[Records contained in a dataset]
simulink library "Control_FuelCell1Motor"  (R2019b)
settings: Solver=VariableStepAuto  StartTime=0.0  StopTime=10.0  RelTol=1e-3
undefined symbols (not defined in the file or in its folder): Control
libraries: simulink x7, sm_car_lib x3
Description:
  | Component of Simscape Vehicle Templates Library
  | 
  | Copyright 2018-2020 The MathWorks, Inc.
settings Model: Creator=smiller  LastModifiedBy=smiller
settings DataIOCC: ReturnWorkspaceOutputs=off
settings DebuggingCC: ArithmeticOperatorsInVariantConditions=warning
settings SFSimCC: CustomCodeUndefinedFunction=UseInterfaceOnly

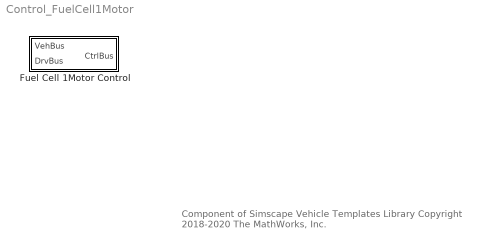
== system Control_FuelCell1Motor ==
  note: Component of Simscape Vehicle Templates Library
      | Copyright 2018-2020 The MathWorks, Inc.
  Fuel Cell 1Motor Control : Subsystem  mask{Control=Control.FuelCell1Motor}
      mask prompts: Control "Control (structure)"

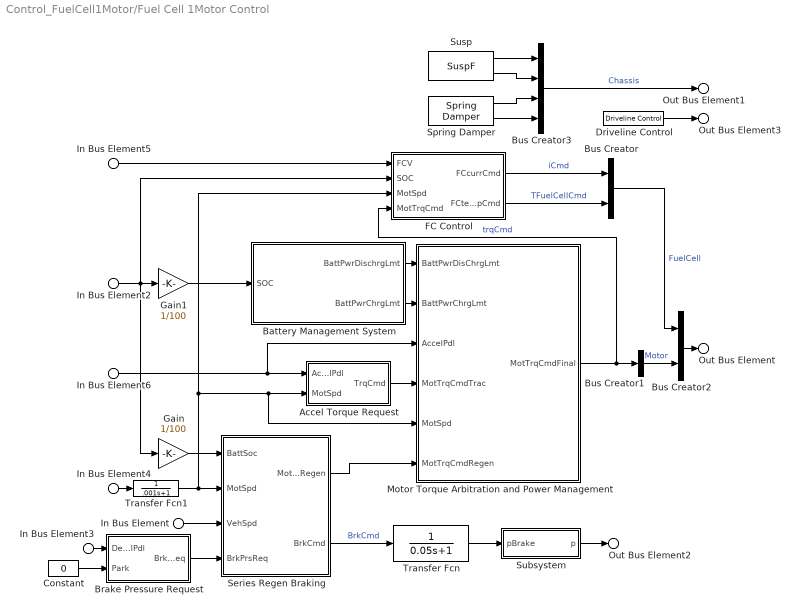
== system Control_FuelCell1Motor/Fuel Cell 1Motor Control ==
  In Bus Element : Inport  PortName=VehBus  Element=Chassis.Body.CG.vx
  In Bus Element2 : Inport  PortName=VehBus  Element=Power.Battery.SOC
  In Bus Element4 : Inport  PortName=VehBus  Element=Power.Motor.w
  In Bus Element5 : Inport  PortName=VehBus  Element=Power.FuelCell.v
  In Bus Element3 : Inport  Port=2  PortName=DrvBus  Element=rBrakePedal
  In Bus Element6 : Inport  Port=2  PortName=DrvBus  Element=rAccelPedal
  Accel Torque Request : Subsystem
  Battery Management System : Subsystem
  Brake Pressure Request : Subsystem
  Bus Creator : BusCreator  Inputs=2
  Bus Creator1 : BusCreator  Inputs=1
  Bus Creator2 : BusCreator  Inputs=2
  Bus Creator3 : BusCreator  Inputs=4
  Constant : Constant  Value=0
  Driveline Control : sm_car_lib/Control/Driveline Control  SystemSampleTime=-1
  FC Control : Subsystem
  Gain : Gain  Gain=1/100
  Gain1 : Gain  Gain=1/100
  Motor Torque Arbitration and Power Management : Subsystem
  Series Regen Braking : Subsystem  InitFcn=%[~]=autosharedicon('autolibutils',gcb,0);  VariantControl=Variant
  Spring Damper : sm_car_lib/Inputs/Control Bus/Spring Damper  SystemSampleTime=-1
  Subsystem : Subsystem
  Susp : sm_car_lib/Inputs/Control Bus/SuspF  SystemSampleTime=-1
  Transfer Fcn : TransferFcn  Denominator=[0.05 1]
  Transfer Fcn1 : TransferFcn  Denominator=[.001 1]
  Out Bus Element : Outport  PortName=CtrlBus  Element=Power
  Out Bus Element2 : Outport  PortName=CtrlBus  Element=Brakes
  Out Bus Element1 : Outport  PortName=CtrlBus  Element=Chassis
  Out Bus Element3 : Outport  PortName=CtrlBus  Element=Driveline
  wires:
  Motor Torque Arbitration and Power Management/1(MotTrqCmdFinal) -> Bus Creator1/1, FC Control/4(MotTrqCmd)  "trqCmd"
  Accel Torque Request/1(TrqCmd) -> Motor Torque Arbitration and Power Management/4(MotTrqCmdTrac)
  In Bus Element6/1 -> Accel Torque Request/1(AccelPdl), Motor Torque Arbitration and Power Management/3(AccelPdl)
  Constant/1 -> Brake Pressure Request/2(Park)
  Battery Management System/1(BattPwrDischrgLmt) -> Motor Torque Arbitration and Power Management/1(BattPwrDisChrgLmt)
  In Bus Element/1 -> Series Regen Braking/3(VehSpd)
  Gain1/1 -> Battery Management System/1(SOC)
  In Bus Element4/1 -> Transfer Fcn1/1
  Series Regen Braking/1(" MotTrqCmdRegen") -> Motor Torque Arbitration and Power Management/6(MotTrqCmdRegen)
  Battery Management System/2(BattPwrChrgLmt) -> Motor Torque Arbitration and Power Management/2("BattPwrChrgLmt ")
  Brake Pressure Request/1(BrkPrsReq) -> Series Regen Braking/4("BrkPrsReq ")
  Gain/1 -> Series Regen Braking/1(BattSoc)
  In Bus Element3/1 -> Brake Pressure Request/1(DecelPdl)
  In Bus Element2/1 -> Gain/1, FC Control/2(SOC), Gain1/1
  FC Control/2(FCtempCmd) -> Bus Creator/2  "TFuelCellCmd"
  In Bus Element5/1 -> FC Control/1(FCV)
  Series Regen Braking/2(" BrkCmd") -> Transfer Fcn/1  "BrkCmd"
  FC Control/1(FCcurrCmd) -> Bus Creator/1  "iCmd"
  Bus Creator/1 -> Bus Creator2/1  "FuelCell"
  Bus Creator1/1 -> Bus Creator2/2  "Motor"
  Bus Creator2/1 -> Out Bus Element/1
  Transfer Fcn1/1 -> Series Regen Braking/2(MotSpd), FC Control/3(MotSpd), Motor Torque Arbitration and Power Management/5(MotSpd), Accel Torque Request/2(MotSpd)
  Spring Damper/1 -> Bus Creator3/3
  Susp/1 -> Bus Creator3/1
  Bus Creator3/1 -> Out Bus Element1/1  "Chassis"
  Spring Damper/2 -> Bus Creator3/4
  Susp/2 -> Bus Creator3/2
  Driveline Control/1 -> Out Bus Element3/1
  Transfer Fcn/1 -> Subsystem/1(pBrake)
  Subsystem/1(p) -> Out Bus Element2/1

== system Control_FuelCell1Motor/Fuel Cell 1Motor Control/Accel Torque Request ==
  note: Convert Accelerator Pedal Position to Torque Command
      | using Motor Torque Speed Curve
  AccelPdl : Inport
  MotSpd : Inport  Port=2
  MaxMotTrqVsSpd : Lookup_n-D  NumberOfTableDimensions=1  BreakpointsForDimension1=Control.MotorF.TorqueSpd.w.Value %Mot.w_eff_bp_EV_rear  Table=Control.MotorF.TorqueSpd.trq.Value % Mot.T_t_EV_rear  ExtrapMethod=Clip  UseLastTableValue=on  InternalRulePriority=Speed  OutDataTypeStr=Inherit: Inherit from 'Table data'  RndMeth=Simplest  InputSameDT=on
  Product1 : Product
  rads_to_rpm : Gain  Gain=30/pi
  TrqCmd : Outport  VectorParamsAs1DForOutWhenUnconnected=off
  wires:
  Product1/1 -> TrqCmd/1
  MaxMotTrqVsSpd/1 -> Product1/2
  AccelPdl/1 -> Product1/1
  MotSpd/1 -> rads_to_rpm/1
  rads_to_rpm/1 -> MaxMotTrqVsSpd/1

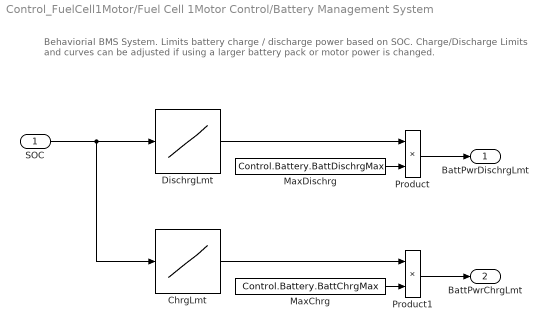
== system Control_FuelCell1Motor/Fuel Cell 1Motor Control/Battery Management System ==
  note: Behaviorial BMS System. Limits battery charge / discharge power based on SOC.
      |
      | Charge/Discharge Limits and curves can be adjusted if using a larger battery pack
      | or motor power is changed.
  SOC : Inport
  ChrgLmt : Lookup_n-D  NumberOfTableDimensions=1  BreakpointsForDimension1=Control.Battery.SOC_bpt  Table=Control.Battery.ChrgLmt_bpt  ExtrapMethod=Clip  UseLastTableValue=on  InternalRulePriority=Speed  RndMeth=Simplest  InputSameDT=on
  DischrgLmt : Lookup_n-D  NumberOfTableDimensions=1  BreakpointsForDimension1=Control.Battery.SOC_bpt  Table=Control.Battery.DischrgLmt_bpt  ExtrapMethod=Clip  UseLastTableValue=on  InternalRulePriority=Speed  RndMeth=Simplest  InputSameDT=on
  MaxChrg : Constant  Value=Control.Battery.BattChrgMax
  MaxDischrg : Constant  Value=Control.Battery.BattDischrgMax
  Product : Product
  Product1 : Product
  BattPwrDischrgLmt : Outport  VectorParamsAs1DForOutWhenUnconnected=off
  BattPwrChrgLmt : Outport  Port=2  VectorParamsAs1DForOutWhenUnconnected=off
  wires:
  SOC/1 -> DischrgLmt/1, ChrgLmt/1
  MaxChrg/1 -> Product1/2
  MaxDischrg/1 -> Product/2
  Product/1 -> BattPwrDischrgLmt/1
  Product1/1 -> BattPwrChrgLmt/1
  ChrgLmt/1 -> Product1/1
  DischrgLmt/1 -> Product/1

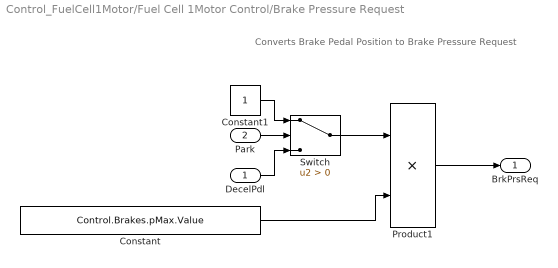
== system Control_FuelCell1Motor/Fuel Cell 1Motor Control/Brake Pressure Request ==
  note: Converts Brake Pedal Position to Brake Pressure Request
  DecelPdl : Inport
  Park : Inport  Port=2
  Constant : Constant  Value=Control.Brakes.pMax.Value
  Constant1 : Constant
  Product1 : Product
  Switch : Switch  Criteria=u2 > Threshold  ZeroCross=off
  BrkPrsReq : Outport  VectorParamsAs1DForOutWhenUnconnected=off
  wires:
  Switch/1 -> Product1/1
  DecelPdl/1 -> Switch/3
  Constant1/1 -> Switch/1
  Product1/1 -> BrkPrsReq/1
  Park/1 -> Switch/2
  Constant/1 -> Product1/2

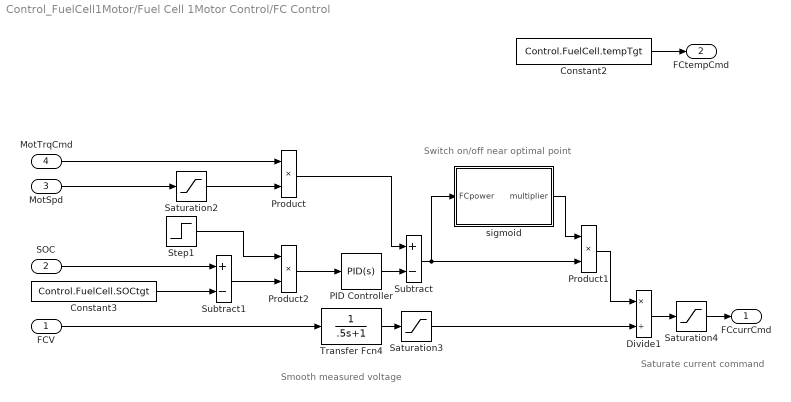
== system Control_FuelCell1Motor/Fuel Cell 1Motor Control/FC Control ==
  note: Switch on/off near optimal point
  note: Smooth measured voltage
  note: Saturate current command
  FCV : Inport
  SOC : Inport  Port=2
  MotSpd : Inport  Port=3
  MotTrqCmd : Inport  Port=4
  Constant2 : Constant  Value=Control.FuelCell.tempTgt
  Constant3 : Constant  Value=Control.FuelCell.SOCtgt
  Divide1 : Product  Inputs=*/
  PID Controller : simulink/Continuous/PID Controller  Controller=PID  Form=Parallel  TimeDomain=Continuous-time  SampleTime=-1  IntegratorMethod=Forward Euler  FilterMethod=Forward Euler  ControllerParametersSource=internal  P=10000/100  I=0  D=0  UseFilter=on  N=100  TunerSelectOption=Transfer Function Based (PID Tuner App)  ZeroCross=off  InitialConditionSource=internal  InitialConditionForIntegrator=0  InitialConditionForFilter=0  DifferentiatorICPrevScaledInput=0  ExternalReset=none  TrackingMode=off  Kt=1  LimitOutput=off  UpperSaturationLimit=inf  LowerSaturationLimit=-inf  LinearizeAsGain=on  AntiWindupMode=none  Kb=1  POutMin=[]  POutMax=[]  IOutMin=[]  IOutMax=[]  DOutMin=[]  DOutMax=[]  NOutMin=[]  NOutMax=[]  SumOutMin=[]  SumOutMax=[]  SaturationOutMin=[]  SaturationOutMax=[]  PParamMin=[]  PParamMax=[]  IParamMin=[]  IParamMax=[]  DParamMin=[]  DParamMax=[]  NParamMin=[]  NParamMax=[]  KbParamMin=[]  KbParamMax=[]  KtParamMin=[]  KtParamMax=[]  KbOutMin=[]  KbOutMax=[]  KtOutMin=[]  KtOutMax=[]  IntegratorOutMin=[]  IntegratorOutMax=[]  FilterOutMin=[]  FilterOutMax=[]  SumI1OutMin=[]  SumI1OutMax=[]  SumI2OutMin=[]  SumI2OutMax=[]  SumI3OutMin=[]  SumI3OutMax=[]  SumI4OutMin=[]  SumI4OutMax=[]  SumDOutMin=[]  SumDOutMax=[]  DifferentiatorOutMin=[]  DifferentiatorOutMax=[]  FilterDiffOutCoefMin=[]  FilterDiffOutCoefMax=[]  ReciprocalOutMin=[]  ReciprocalOutMax=[]  SumDenOutMin=[]  SumDenOutMax=[]  SumNumOutMin=[]  SumNumOutMax=[]  DivideOutMin=[]  DivideOutMax=[]  IntegratorContinuousStateAttributes=''  IntegratorStateMustResolveToSignalObject=off  IntegratorRTWStateStorageClass=Auto  FilterContinuousStateAttributes=''  FilterStateMustResolveToSignalObject=off  FilterRTWStateStorageClass=Auto  ParallelPVariant=InternalParameters  IdealPVariant=Disabled  IVariant=InternalParameters  DVariant=InternalParameters  IntegratorVariant=Continuous  SatVariant=Disabled  AWVariant=Passthrough  PCopyVariant=Disabled  TRVariant=Disabled  FdbkBlocksVariant=Forward  IdealPFdbkVariant=Disabled  SatFdbkVariant=Disabled  DerivativeFilterVariant=ContFilter  NVariant=InternalParameters  NCopyVariant=Disabled  FilterICVariant=InternalICsFilter  IntegratorICVariant=InternalICs  ExternalResetVariant=Disabled  TRSumVariant=Passthrough  SumFdbkVariant=Disabled  SumVariant=Sum_PID
  Product : Product
  Product1 : Product
  Product2 : Product
  Saturation2 : Saturate  UpperLimit=inf  LowerLimit=1  ZeroCross=off
  Saturation3 : Saturate  UpperLimit=inf  LowerLimit=200  ZeroCross=off
  Saturation4 : Saturate  UpperLimit=350  LowerLimit=0  ZeroCross=off
  Step1 : Step  SampleTime=0
  Subtract : Sum  Inputs=+-
  Subtract1 : Sum  Inputs=+-
  Transfer Fcn4 : TransferFcn  Denominator=[.5 1]
  sigmoid : Subsystem
  FCcurrCmd : Outport
  FCtempCmd : Outport  Port=2
  wires:
  PID Controller/1 -> Subtract/2
  Transfer Fcn4/1 -> Saturation3/1
  Saturation3/1 -> Divide1/2
  SOC/1 -> Subtract1/1
  Step1/1 -> Product2/1
  Constant3/1 -> Subtract1/2
  Saturation4/1 -> FCcurrCmd/1
  FCV/1 -> Transfer Fcn4/1
  Divide1/1 -> Saturation4/1
  Saturation2/1 -> Product/2
  MotTrqCmd/1 -> Product/1
  Subtract1/1 -> Product2/2
  MotSpd/1 -> Saturation2/1
  Constant2/1 -> FCtempCmd/1
  Product2/1 -> PID Controller/1
  Product/1 -> Subtract/1
  Product1/1 -> Divide1/1
  sigmoid/1(multiplier) -> Product1/1
  Subtract/1 -> Product1/2, sigmoid/1(FCpower)

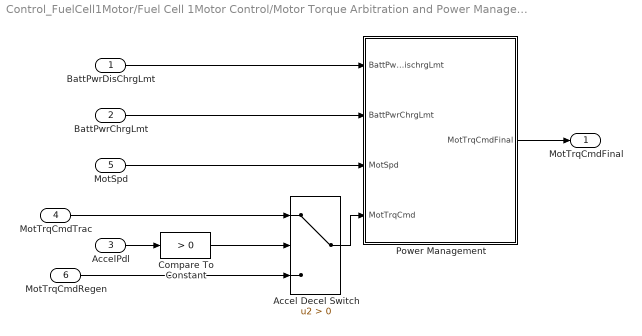
== system Control_FuelCell1Motor/Fuel Cell 1Motor Control/Motor Torque Arbitration and Power Management ==
  BattPwrDisChrgLmt : Inport
  "BattPwrChrgLmt " : Inport  Port=2
  AccelPdl : Inport  Port=3
  MotTrqCmdTrac : Inport  Port=4
  MotSpd : Inport  Port=5
  MotTrqCmdRegen : Inport  Port=6
  Accel Decel Switch : Switch  Criteria=u2 > Threshold
  Compare To Constant : simulink/Logic and Bit Operations/Compare To Constant  relop=>  const=0  OutDataTypeStr=boolean  ZeroCross=off
  Power Management : Subsystem
  MotTrqCmdFinal : Outport  VectorParamsAs1DForOutWhenUnconnected=off
  wires:
  AccelPdl/1 -> Compare To Constant/1
  MotTrqCmdRegen/1 -> Accel Decel Switch/3
  MotTrqCmdTrac/1 -> Accel Decel Switch/1
  Power Management/1(MotTrqCmdFinal) -> MotTrqCmdFinal/1
  Accel Decel Switch/1 -> Power Management/4(MotTrqCmd)
  BattPwrDisChrgLmt/1 -> Power Management/1(BattPwrDischrgLmt)
  "BattPwrChrgLmt "/1 -> Power Management/2(BattPwrChrgLmt)
  MotSpd/1 -> Power Management/3(MotSpd)
  Compare To Constant/1 -> Accel Decel Switch/2

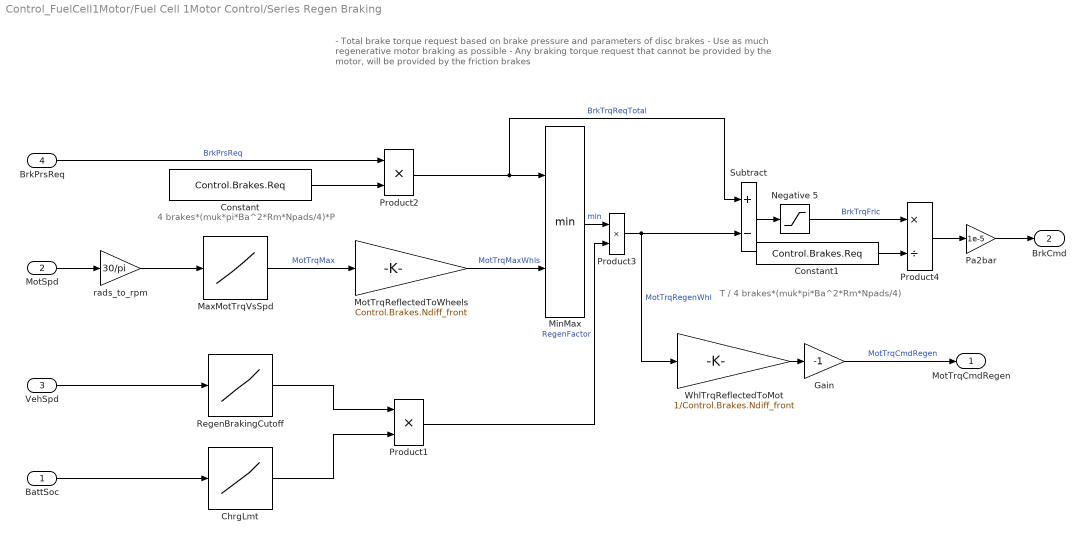
== system Control_FuelCell1Motor/Fuel Cell 1Motor Control/Series Regen Braking ==
  note: - Total brake torque request based on brake pressure and parameters of disc brakes
      | - Use as much regenerative motor braking as possible
      | - Any braking torque request that cannot be provided by the motor, will be provided by the friction brakes
  note: T / 4 brakes*(muk*pi*Ba^2*Rm*Npads/4)
  note: 4 brakes*(muk*pi*Ba^2*Rm*Npads/4)*P
  BattSoc : Inport
  MotSpd : Inport  Port=2
  VehSpd : Inport  Port=3
  "BrkPrsReq " : Inport  Port=4
  ChrgLmt : Lookup_n-D  NumberOfTableDimensions=1  BreakpointsForDimension1=Control.Battery.SOC_bpt  Table=Control.Battery.ChrgLmt_bpt  ExtrapMethod=Clip  UseLastTableValue=on  InternalRulePriority=Speed  RndMeth=Simplest  InputSameDT=on
  Constant : Constant  Value=Control.Brakes.Req
  Constant1 : Constant  Value=Control.Brakes.Req
  Gain : Gain  Gain=-1
  MaxMotTrqVsSpd : Lookup_n-D  NumberOfTableDimensions=1  BreakpointsForDimension1=Control.MotorF.TorqueSpd.w.Value  Table=Control.MotorF.TorqueSpd.trq.Value  ExtrapMethod=Clip  UseLastTableValue=on  InternalRulePriority=Speed  OutDataTypeStr=Inherit: Inherit from 'Table data'  RndMeth=Simplest  InputSameDT=on
  MinMax : MinMax  Inputs=2
  MotTrqReflectedToWheels : Gain  Gain=Control.Brakes.Ndiff_front
  Negative 5 : Saturate  UpperLimit=inf  LowerLimit=0  ZeroCross=off
  Pa2bar : Gain  Gain=1e-5
  Product1 : Product
  Product2 : Product
  Product3 : Product
  Product4 : Product  Inputs=*/
  RegenBrakingCutoff : Lookup_n-D  NumberOfTableDimensions=1  BreakpointsForDimension1=Control.Power.RegenBrkSpd_bpt  Table=Control.Power.RegenBrkCutOff  ExtrapMethod=Clip  UseLastTableValue=on  InternalRulePriority=Speed  RndMeth=Simplest  InputSameDT=on
  Subtract : Sum  Inputs=+-
  WhlTrqReflectedToMot : Gain  Gain=1/Control.Brakes.Ndiff_front
  rads_to_rpm : Gain  Gain=30/pi
  " MotTrqCmdRegen" : Outport  VectorParamsAs1DForOutWhenUnconnected=off
  " BrkCmd" : Outport  Port=2  VectorParamsAs1DForOutWhenUnconnected=off
  wires:
  Product3/1 -> Subtract/2, WhlTrqReflectedToMot/1  "MotTrqRegenWhl"
  Constant1/1 -> Product4/2
  Constant/1 -> Product2/2
  "BrkPrsReq "/1 -> Product2/1  "BrkPrsReq"
  rads_to_rpm/1 -> MaxMotTrqVsSpd/1
  MaxMotTrqVsSpd/1 -> MotTrqReflectedToWheels/1  "MotTrqMax"
  Product2/1 -> MinMax/1, Subtract/1  "BrkTrqReqTotal"
  MinMax/1 -> Product3/1  "min"
  ChrgLmt/1 -> Product1/2
  VehSpd/1 -> RegenBrakingCutoff/1
  RegenBrakingCutoff/1 -> Product1/1
  Product1/1 -> Product3/2  "RegenFactor"
  Subtract/1 -> Negative 5/1
  BattSoc/1 -> ChrgLmt/1
  Negative 5/1 -> Product4/1  "BrkTrqFric"
  MotSpd/1 -> rads_to_rpm/1
  MotTrqReflectedToWheels/1 -> MinMax/2  "MotTrqMaxWhls"
  WhlTrqReflectedToMot/1 -> Gain/1
  Gain/1 -> " MotTrqCmdRegen"/1  "MotTrqCmdRegen"
  Product4/1 -> Pa2bar/1
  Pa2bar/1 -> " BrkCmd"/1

Exercise details — Reproduce, exactly and only, the lines of the records above starting at the line with "BrkPrsReq : Outport" and ending at the line with "Divide1 : Product", both included. Leave every picture out.

Output of the exercise —
  BrkPrsReq : Outport  VectorParamsAs1DForOutWhenUnconnected=off
  wires:
  Switch/1 -> Product1/1
  DecelPdl/1 -> Switch/3
  Constant1/1 -> Switch/1
  Product1/1 -> BrkPrsReq/1
  Park/1 -> Switch/2
  Constant/1 -> Product1/2

== system Control_FuelCell1Motor/Fuel Cell 1Motor Control/FC Control ==
  note: Switch on/off near optimal point
  note: Smooth measured voltage
  note: Saturate current command
  FCV : Inport
  SOC : Inport  Port=2
  MotSpd : Inport  Port=3
  MotTrqCmd : Inport  Port=4
  Constant2 : Constant  Value=Control.FuelCell.tempTgt
  Constant3 : Constant  Value=Control.FuelCell.SOCtgt
  Divide1 : Product  Inputs=*/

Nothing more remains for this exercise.